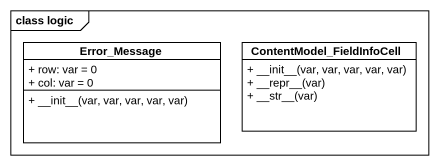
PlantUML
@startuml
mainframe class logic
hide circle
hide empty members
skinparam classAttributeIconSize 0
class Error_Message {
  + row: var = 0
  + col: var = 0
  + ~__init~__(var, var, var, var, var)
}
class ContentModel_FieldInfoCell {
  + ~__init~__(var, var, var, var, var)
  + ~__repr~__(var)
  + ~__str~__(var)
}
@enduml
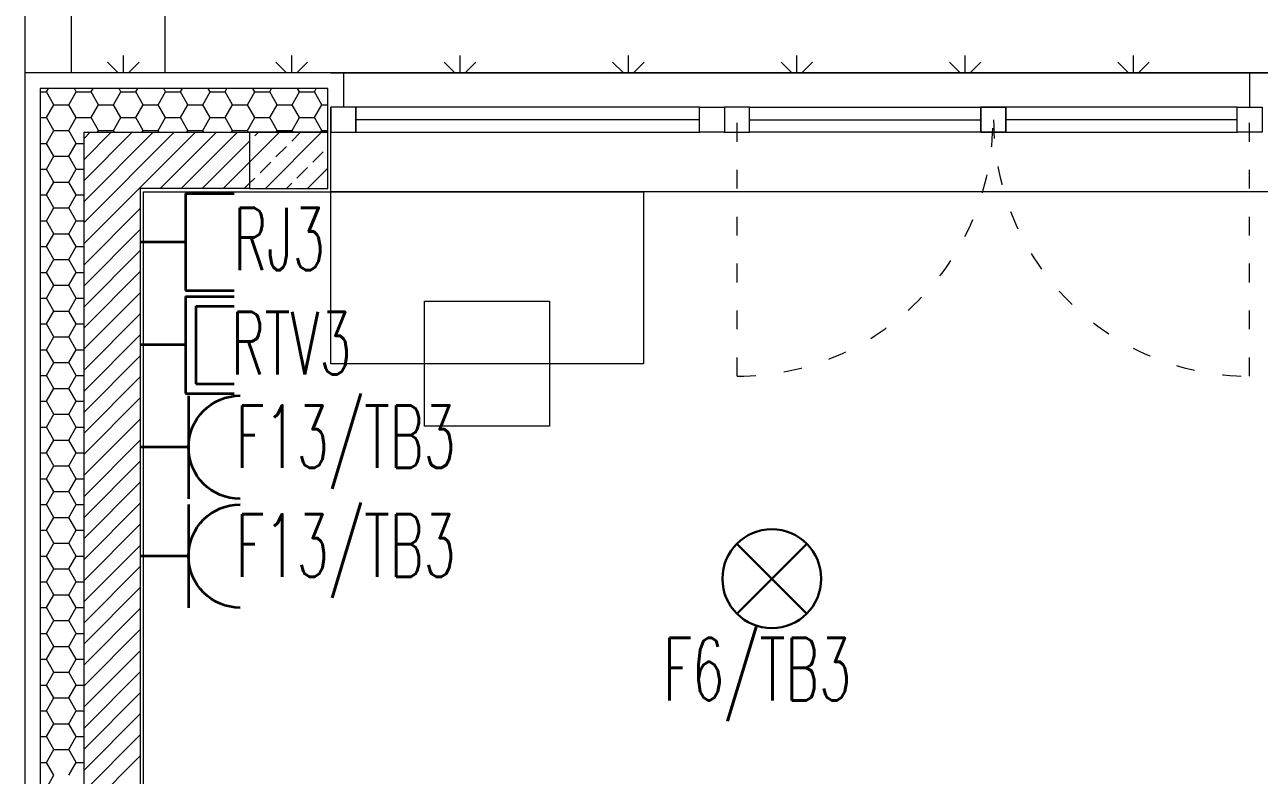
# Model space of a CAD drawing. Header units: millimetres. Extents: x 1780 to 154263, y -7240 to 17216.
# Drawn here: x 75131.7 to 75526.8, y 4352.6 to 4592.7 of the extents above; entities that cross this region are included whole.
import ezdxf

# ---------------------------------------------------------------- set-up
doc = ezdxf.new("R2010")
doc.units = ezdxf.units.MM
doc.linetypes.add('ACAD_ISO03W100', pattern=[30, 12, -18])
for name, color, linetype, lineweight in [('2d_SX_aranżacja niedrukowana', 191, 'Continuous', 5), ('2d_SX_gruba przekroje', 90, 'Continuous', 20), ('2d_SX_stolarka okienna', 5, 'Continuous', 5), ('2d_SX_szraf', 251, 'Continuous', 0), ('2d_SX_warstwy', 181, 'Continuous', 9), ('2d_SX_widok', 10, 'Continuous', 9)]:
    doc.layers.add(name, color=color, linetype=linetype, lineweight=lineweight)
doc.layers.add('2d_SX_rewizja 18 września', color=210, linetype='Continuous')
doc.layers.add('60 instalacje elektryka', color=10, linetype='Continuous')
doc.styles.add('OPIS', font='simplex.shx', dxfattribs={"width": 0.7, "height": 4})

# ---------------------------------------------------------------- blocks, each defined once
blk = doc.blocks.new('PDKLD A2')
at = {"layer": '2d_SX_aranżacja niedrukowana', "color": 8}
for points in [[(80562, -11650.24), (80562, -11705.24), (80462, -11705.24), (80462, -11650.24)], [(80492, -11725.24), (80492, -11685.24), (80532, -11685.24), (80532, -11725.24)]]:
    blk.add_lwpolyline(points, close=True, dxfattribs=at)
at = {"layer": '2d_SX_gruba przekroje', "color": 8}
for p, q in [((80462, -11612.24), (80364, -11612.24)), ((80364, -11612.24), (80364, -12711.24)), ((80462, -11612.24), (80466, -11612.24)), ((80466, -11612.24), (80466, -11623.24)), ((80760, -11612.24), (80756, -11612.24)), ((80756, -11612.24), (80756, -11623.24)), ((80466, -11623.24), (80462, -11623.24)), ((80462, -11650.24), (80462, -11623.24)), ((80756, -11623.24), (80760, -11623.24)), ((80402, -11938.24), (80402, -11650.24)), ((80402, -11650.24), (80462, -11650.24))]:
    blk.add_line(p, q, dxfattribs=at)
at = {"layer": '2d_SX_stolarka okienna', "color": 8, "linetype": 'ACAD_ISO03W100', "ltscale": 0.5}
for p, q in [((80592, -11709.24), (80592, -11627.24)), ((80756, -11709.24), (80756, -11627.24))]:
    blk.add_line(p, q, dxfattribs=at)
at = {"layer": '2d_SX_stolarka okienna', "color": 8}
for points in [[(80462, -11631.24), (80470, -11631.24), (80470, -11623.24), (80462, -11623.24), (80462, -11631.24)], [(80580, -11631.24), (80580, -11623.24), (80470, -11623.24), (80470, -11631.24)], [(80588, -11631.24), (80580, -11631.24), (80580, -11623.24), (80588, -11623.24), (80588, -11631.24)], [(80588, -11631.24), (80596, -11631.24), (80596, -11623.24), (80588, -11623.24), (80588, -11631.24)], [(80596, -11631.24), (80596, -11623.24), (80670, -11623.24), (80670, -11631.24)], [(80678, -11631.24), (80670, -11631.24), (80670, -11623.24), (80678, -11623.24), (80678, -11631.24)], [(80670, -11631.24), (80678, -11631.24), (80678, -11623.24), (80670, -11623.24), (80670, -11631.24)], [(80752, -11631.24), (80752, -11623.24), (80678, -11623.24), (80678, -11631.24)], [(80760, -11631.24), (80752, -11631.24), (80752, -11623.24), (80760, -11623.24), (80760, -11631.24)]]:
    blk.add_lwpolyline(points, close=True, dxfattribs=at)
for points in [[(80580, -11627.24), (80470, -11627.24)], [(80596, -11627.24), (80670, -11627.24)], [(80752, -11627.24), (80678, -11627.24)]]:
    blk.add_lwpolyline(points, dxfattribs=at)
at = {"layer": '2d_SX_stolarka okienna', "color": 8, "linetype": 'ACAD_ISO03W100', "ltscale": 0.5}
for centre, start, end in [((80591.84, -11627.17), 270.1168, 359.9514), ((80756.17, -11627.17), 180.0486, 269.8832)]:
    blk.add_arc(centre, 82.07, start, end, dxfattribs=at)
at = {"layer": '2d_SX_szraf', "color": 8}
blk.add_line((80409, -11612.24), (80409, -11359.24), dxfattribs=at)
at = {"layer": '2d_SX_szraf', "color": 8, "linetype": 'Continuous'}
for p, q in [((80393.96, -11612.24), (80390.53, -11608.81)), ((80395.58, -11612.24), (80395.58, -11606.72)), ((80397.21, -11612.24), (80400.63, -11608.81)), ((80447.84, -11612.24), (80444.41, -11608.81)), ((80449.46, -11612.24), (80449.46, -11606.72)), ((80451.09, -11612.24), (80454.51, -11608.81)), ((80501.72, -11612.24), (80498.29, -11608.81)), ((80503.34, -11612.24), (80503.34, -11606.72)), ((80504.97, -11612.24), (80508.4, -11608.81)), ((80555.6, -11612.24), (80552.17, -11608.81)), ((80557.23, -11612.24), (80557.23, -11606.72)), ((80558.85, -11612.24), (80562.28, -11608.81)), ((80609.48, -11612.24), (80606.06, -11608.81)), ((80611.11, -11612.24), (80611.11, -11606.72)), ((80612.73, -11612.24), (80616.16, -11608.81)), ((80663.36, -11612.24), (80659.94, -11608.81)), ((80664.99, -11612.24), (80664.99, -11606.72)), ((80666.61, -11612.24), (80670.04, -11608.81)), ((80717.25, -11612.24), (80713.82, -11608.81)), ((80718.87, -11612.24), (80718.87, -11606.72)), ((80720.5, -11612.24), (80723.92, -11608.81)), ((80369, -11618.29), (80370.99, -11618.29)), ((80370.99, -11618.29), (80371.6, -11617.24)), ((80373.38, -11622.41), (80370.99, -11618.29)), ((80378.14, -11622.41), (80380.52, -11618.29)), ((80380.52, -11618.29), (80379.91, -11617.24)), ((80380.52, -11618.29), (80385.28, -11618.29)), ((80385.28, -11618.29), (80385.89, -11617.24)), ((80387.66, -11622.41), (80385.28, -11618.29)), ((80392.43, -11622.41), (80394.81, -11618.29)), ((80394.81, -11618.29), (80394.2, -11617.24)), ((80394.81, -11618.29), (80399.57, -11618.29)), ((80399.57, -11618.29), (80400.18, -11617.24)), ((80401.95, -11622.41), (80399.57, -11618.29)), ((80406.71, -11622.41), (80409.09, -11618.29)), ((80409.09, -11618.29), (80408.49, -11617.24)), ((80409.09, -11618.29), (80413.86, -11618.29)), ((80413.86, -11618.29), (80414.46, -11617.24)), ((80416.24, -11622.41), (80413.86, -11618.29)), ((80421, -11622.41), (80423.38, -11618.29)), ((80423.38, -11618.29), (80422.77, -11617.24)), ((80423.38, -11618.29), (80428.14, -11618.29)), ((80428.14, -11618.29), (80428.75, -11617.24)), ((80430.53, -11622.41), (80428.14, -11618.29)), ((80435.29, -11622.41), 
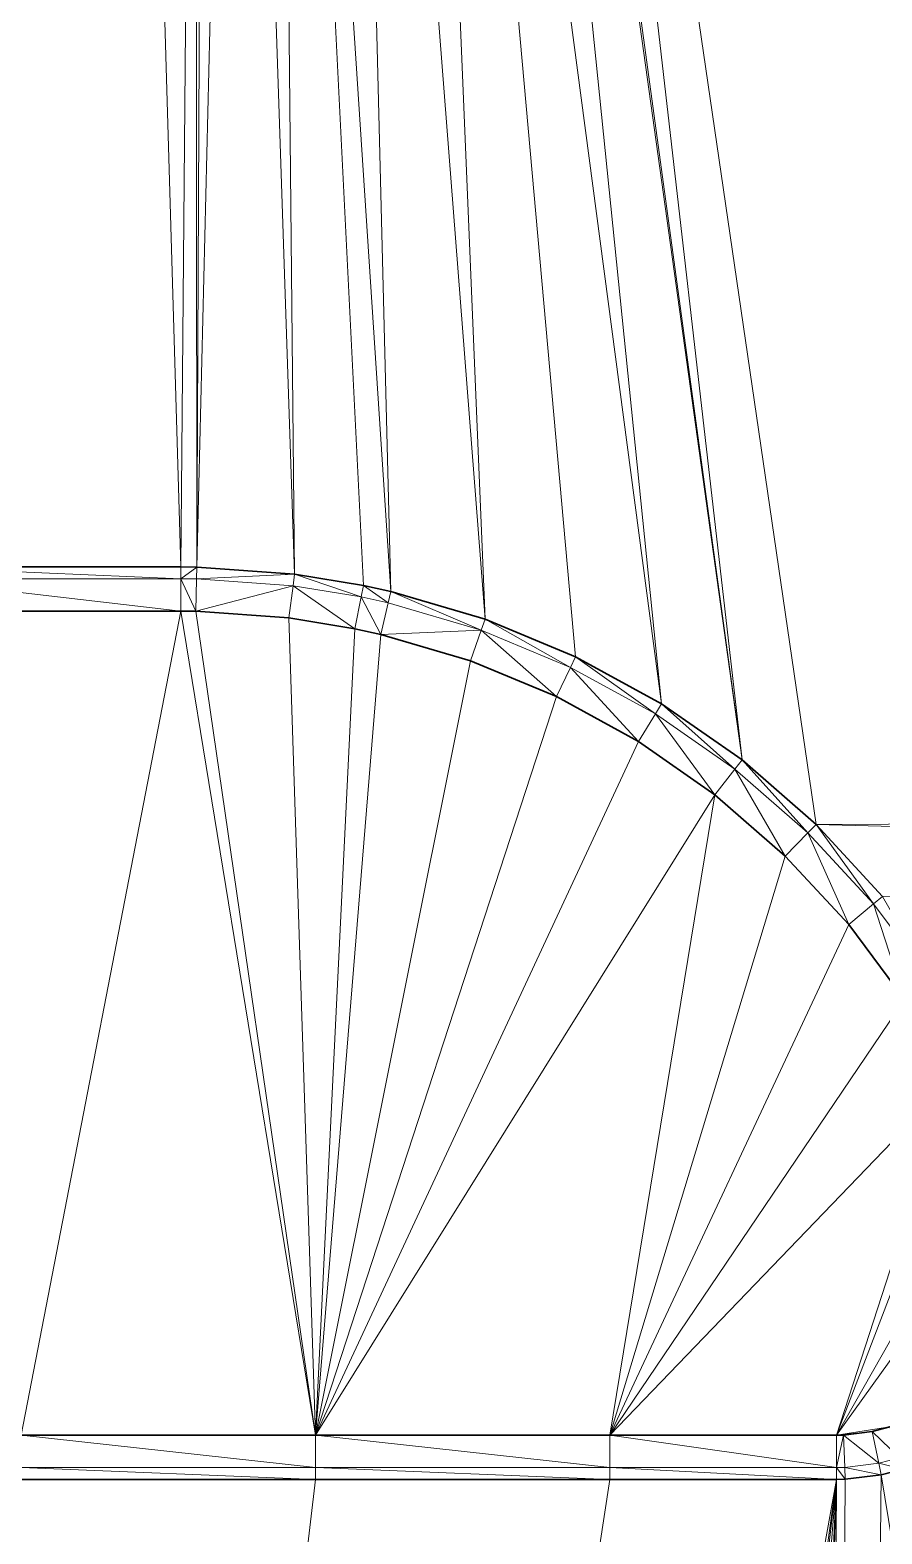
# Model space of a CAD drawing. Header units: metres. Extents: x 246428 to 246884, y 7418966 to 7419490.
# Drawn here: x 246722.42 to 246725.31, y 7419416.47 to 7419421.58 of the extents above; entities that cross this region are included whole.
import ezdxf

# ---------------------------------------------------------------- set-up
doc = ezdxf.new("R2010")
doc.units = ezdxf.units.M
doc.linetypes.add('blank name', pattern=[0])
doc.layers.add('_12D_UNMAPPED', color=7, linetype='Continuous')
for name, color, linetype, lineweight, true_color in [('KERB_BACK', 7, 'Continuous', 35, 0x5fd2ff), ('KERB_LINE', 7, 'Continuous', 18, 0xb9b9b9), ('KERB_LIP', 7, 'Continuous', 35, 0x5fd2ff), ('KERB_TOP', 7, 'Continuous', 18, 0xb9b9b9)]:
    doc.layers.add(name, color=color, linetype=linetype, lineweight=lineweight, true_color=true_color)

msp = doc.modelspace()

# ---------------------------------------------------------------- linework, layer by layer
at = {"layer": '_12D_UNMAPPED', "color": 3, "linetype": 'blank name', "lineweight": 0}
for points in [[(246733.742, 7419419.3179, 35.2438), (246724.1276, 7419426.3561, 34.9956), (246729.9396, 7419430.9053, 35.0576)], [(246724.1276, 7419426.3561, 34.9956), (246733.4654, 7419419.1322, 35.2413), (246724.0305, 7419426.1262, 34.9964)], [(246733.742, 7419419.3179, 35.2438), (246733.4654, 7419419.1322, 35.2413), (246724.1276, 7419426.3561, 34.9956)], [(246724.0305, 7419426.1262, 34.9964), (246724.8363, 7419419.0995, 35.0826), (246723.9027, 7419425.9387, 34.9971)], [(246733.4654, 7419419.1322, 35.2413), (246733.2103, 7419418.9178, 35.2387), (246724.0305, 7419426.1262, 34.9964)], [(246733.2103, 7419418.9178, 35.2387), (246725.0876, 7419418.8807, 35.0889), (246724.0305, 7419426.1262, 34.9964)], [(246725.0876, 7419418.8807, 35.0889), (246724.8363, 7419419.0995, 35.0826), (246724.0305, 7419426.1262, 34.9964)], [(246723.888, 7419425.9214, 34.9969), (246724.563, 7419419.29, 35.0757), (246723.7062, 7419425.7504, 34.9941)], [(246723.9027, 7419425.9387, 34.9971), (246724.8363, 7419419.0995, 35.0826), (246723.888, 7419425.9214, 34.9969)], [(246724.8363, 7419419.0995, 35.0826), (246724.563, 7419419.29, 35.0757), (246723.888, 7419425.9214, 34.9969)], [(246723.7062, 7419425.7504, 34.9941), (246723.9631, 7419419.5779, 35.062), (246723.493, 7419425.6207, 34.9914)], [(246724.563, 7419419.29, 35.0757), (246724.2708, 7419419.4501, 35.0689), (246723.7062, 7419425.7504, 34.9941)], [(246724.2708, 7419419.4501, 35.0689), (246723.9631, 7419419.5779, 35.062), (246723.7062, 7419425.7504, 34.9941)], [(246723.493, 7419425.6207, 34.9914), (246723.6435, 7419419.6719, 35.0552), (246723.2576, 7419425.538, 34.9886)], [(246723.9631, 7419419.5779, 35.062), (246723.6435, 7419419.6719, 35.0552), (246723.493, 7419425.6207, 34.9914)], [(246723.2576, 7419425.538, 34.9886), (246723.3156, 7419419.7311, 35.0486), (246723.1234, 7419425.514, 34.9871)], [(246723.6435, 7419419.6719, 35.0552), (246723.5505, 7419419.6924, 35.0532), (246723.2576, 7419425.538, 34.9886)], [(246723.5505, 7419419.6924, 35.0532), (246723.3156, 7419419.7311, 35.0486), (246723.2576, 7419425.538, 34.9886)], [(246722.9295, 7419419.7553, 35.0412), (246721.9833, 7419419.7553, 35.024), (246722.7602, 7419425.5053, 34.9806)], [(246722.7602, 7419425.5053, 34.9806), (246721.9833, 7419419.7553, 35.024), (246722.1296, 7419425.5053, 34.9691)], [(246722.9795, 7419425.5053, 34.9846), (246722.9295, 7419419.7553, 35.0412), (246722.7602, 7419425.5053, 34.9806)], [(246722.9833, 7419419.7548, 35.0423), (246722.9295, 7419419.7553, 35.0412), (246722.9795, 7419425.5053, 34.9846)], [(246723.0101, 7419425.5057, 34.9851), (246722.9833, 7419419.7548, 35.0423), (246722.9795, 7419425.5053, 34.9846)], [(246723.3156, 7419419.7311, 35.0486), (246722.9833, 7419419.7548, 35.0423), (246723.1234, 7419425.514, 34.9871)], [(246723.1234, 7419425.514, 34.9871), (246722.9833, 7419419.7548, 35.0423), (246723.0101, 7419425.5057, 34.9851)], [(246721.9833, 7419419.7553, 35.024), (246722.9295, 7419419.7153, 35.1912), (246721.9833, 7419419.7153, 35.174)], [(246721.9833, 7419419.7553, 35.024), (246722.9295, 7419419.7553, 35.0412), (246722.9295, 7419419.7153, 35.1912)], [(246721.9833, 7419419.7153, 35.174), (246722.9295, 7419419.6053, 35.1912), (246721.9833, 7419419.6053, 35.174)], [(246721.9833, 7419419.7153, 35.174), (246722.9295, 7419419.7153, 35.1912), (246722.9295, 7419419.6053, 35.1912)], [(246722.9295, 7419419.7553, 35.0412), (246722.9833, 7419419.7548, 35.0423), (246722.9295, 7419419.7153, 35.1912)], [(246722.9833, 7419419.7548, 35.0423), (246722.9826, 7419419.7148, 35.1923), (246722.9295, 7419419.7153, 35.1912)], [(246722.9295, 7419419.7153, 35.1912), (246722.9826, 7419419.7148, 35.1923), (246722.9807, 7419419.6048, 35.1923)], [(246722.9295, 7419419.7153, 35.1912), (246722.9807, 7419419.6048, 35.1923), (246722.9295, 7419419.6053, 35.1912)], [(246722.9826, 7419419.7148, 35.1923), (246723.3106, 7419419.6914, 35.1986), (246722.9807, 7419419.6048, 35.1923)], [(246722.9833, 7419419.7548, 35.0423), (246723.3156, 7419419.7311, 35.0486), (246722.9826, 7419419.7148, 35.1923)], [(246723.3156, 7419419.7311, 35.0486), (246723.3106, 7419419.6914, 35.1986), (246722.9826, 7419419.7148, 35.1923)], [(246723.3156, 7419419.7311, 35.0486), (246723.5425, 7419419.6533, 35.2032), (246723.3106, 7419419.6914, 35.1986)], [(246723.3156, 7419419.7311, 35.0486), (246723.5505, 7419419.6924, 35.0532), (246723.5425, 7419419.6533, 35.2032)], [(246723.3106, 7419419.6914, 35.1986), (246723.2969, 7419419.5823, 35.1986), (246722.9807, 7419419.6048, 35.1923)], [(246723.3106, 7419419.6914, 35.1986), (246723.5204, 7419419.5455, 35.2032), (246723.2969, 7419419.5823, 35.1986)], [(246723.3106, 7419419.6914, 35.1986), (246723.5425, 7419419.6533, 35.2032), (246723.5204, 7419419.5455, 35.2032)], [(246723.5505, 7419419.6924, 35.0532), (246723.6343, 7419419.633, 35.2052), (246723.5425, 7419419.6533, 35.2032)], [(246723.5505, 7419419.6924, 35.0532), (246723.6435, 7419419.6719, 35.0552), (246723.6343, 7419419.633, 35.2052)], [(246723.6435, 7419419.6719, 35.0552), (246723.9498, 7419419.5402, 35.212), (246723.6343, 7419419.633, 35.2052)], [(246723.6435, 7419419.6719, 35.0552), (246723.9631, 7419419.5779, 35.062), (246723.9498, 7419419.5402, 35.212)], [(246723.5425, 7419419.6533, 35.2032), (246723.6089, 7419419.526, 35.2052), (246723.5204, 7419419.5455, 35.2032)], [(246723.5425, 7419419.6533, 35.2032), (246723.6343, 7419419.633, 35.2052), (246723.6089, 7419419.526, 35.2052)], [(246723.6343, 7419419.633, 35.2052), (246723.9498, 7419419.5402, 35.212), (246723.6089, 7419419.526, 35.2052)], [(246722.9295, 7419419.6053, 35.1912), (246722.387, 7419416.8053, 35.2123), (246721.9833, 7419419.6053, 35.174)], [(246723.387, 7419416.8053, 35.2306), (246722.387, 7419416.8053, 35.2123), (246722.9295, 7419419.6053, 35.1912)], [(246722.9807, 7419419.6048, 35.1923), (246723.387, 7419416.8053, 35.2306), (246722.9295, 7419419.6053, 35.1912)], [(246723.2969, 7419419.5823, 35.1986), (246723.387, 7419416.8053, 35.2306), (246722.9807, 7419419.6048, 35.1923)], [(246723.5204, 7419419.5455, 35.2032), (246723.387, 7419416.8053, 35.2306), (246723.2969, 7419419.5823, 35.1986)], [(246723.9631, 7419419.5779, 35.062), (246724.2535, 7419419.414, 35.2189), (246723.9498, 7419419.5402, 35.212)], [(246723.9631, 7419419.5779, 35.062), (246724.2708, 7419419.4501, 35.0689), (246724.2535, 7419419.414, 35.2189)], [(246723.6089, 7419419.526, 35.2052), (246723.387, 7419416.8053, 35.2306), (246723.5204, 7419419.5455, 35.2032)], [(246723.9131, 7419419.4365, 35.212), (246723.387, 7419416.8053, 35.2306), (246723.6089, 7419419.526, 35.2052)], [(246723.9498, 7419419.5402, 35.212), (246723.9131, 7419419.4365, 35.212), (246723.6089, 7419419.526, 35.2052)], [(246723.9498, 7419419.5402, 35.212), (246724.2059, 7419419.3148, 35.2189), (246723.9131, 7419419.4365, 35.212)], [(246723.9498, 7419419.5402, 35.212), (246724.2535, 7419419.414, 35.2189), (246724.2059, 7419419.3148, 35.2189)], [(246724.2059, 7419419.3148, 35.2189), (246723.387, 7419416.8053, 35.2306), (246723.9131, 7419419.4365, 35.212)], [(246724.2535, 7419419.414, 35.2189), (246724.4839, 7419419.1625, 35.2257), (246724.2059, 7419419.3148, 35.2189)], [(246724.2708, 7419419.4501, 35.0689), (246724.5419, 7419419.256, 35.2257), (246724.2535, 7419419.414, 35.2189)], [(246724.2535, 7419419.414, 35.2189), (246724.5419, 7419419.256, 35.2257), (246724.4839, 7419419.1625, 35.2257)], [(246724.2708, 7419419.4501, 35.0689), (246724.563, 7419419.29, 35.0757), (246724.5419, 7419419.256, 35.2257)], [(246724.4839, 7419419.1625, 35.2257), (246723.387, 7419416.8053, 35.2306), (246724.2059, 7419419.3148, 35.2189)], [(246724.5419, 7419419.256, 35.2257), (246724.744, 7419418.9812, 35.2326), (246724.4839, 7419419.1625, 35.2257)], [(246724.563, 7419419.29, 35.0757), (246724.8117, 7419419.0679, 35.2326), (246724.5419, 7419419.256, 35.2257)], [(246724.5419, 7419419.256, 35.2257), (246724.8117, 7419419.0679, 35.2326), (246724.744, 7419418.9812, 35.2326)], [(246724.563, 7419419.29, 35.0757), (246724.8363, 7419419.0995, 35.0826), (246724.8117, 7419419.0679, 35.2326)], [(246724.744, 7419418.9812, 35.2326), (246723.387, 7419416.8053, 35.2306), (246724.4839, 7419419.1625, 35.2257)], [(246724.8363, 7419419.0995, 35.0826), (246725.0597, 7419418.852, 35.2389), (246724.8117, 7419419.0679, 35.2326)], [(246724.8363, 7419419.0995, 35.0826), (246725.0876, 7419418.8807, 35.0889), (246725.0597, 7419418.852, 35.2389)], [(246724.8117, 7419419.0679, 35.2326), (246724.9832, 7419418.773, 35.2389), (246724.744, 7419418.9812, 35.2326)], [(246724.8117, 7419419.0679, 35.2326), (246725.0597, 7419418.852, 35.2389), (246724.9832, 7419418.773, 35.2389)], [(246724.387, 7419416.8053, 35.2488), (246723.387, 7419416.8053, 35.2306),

▶ **Exercise requirements**
Starting at the first line of the records and stopping after the line with "września', color=210, linetype='Continuous')", copy each line exactly; pictures stay out.

▶ **Reply**
PlantUML
@startuml
mainframe class logic
hide circle
hide empty members
skinparam classAttributeIconSize 0
class Error_Message {
  + row: var = 0
  + col: var = 0
  + ~__init~__(var, var, var, var, var)
}
class ContentModel_FieldInfoCell {
  + ~__init~__(var, var, var, var, var)
  + ~__repr~__(var)
  + ~__str~__(var)
}
@enduml
# Model space of a CAD drawing. Header units: millimetres. Extents: x 1780 to 154263, y -7240 to 17216.
# Drawn here: x 75131.7 to 75526.8, y 4352.6 to 4592.7 of the extents above; entities that cross this region are included whole.
import ezdxf

# ---------------------------------------------------------------- set-up
doc = ezdxf.new("R2010")
doc.units = ezdxf.units.MM
doc.linetypes.add('ACAD_ISO03W100', pattern=[30, 12, -18])
for name, color, linetype, lineweight in [('2d_SX_aranżacja niedrukowana', 191, 'Continuous', 5), ('2d_SX_gruba przekroje', 90, 'Continuous', 20), ('2d_SX_stolarka okienna', 5, 'Continuous', 5), ('2d_SX_szraf', 251, 'Continuous', 0), ('2d_SX_warstwy', 181, 'Continuous', 9), ('2d_SX_widok', 10, 'Continuous', 9)]:
    doc.layers.add(name, color=color, linetype=linetype, lineweight=lineweight)
doc.layers.add('2d_SX_rewizja 18 września', color=210, linetype='Continuous')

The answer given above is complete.